- GIVEN INFORMATION:

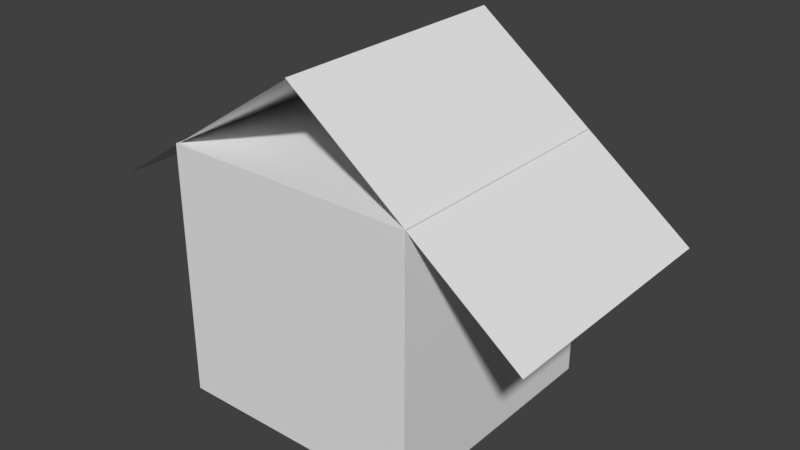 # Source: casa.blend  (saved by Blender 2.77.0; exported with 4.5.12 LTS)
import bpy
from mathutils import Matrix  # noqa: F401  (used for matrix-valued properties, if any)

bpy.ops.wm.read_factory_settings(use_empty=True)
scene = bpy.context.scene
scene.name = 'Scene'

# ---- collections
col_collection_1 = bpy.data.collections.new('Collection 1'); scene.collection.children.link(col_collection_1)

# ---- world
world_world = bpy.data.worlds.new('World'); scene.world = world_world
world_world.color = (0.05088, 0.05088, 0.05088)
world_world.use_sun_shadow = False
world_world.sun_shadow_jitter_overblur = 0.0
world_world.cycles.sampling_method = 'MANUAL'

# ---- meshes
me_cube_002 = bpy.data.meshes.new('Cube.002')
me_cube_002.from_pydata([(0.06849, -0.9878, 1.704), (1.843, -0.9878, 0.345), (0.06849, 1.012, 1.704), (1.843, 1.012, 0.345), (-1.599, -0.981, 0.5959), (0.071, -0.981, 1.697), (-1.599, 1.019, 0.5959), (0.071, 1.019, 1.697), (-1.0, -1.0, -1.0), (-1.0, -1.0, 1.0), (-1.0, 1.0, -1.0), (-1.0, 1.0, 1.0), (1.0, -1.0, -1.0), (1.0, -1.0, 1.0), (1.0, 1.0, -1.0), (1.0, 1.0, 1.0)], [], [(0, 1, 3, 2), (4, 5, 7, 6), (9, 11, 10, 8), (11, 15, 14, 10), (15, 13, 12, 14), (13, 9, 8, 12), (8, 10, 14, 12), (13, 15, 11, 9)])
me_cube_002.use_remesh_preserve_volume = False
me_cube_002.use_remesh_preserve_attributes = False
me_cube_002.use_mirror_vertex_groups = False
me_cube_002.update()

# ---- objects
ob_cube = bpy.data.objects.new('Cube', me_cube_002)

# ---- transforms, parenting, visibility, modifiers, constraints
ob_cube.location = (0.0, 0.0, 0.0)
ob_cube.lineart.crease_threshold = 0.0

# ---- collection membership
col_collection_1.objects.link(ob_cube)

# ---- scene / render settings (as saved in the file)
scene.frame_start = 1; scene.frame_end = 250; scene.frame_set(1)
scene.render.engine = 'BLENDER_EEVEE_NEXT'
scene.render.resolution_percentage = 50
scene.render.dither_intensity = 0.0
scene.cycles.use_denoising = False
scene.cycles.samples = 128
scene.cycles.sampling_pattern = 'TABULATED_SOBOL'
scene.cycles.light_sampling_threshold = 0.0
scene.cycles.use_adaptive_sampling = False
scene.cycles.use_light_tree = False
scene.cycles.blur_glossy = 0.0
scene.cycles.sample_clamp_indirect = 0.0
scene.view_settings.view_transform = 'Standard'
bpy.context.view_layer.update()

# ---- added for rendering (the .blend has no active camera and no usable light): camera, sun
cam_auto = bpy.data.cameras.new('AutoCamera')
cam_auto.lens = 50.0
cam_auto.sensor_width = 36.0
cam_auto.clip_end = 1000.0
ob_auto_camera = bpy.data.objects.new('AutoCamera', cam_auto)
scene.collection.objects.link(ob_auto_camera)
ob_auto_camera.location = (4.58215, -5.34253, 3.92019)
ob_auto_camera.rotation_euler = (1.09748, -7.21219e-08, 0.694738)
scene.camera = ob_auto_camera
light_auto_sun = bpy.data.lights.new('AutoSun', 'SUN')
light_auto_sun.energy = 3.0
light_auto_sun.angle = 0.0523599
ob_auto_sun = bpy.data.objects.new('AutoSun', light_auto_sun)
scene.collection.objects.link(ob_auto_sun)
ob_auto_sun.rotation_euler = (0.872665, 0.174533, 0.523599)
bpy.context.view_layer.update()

- EXERCISE DIRECTIONS: Copy out, word for word, the part of the entries above that begins at the line with "world_world = bpy.data.worlds.new('World');" and ends at the line with "me_cube_002 = bpy.data.meshes.new('Cube.002')", including both.

- ANSWER SPACE:
world_world = bpy.data.worlds.new('World'); scene.world = world_world
world_world.color = (0.05088, 0.05088, 0.05088)
world_world.use_sun_shadow = False
world_world.sun_shadow_jitter_overblur = 0.0
world_world.cycles.sampling_method = 'MANUAL'

# ---- meshes
me_cube_002 = bpy.data.meshes.new('Cube.002')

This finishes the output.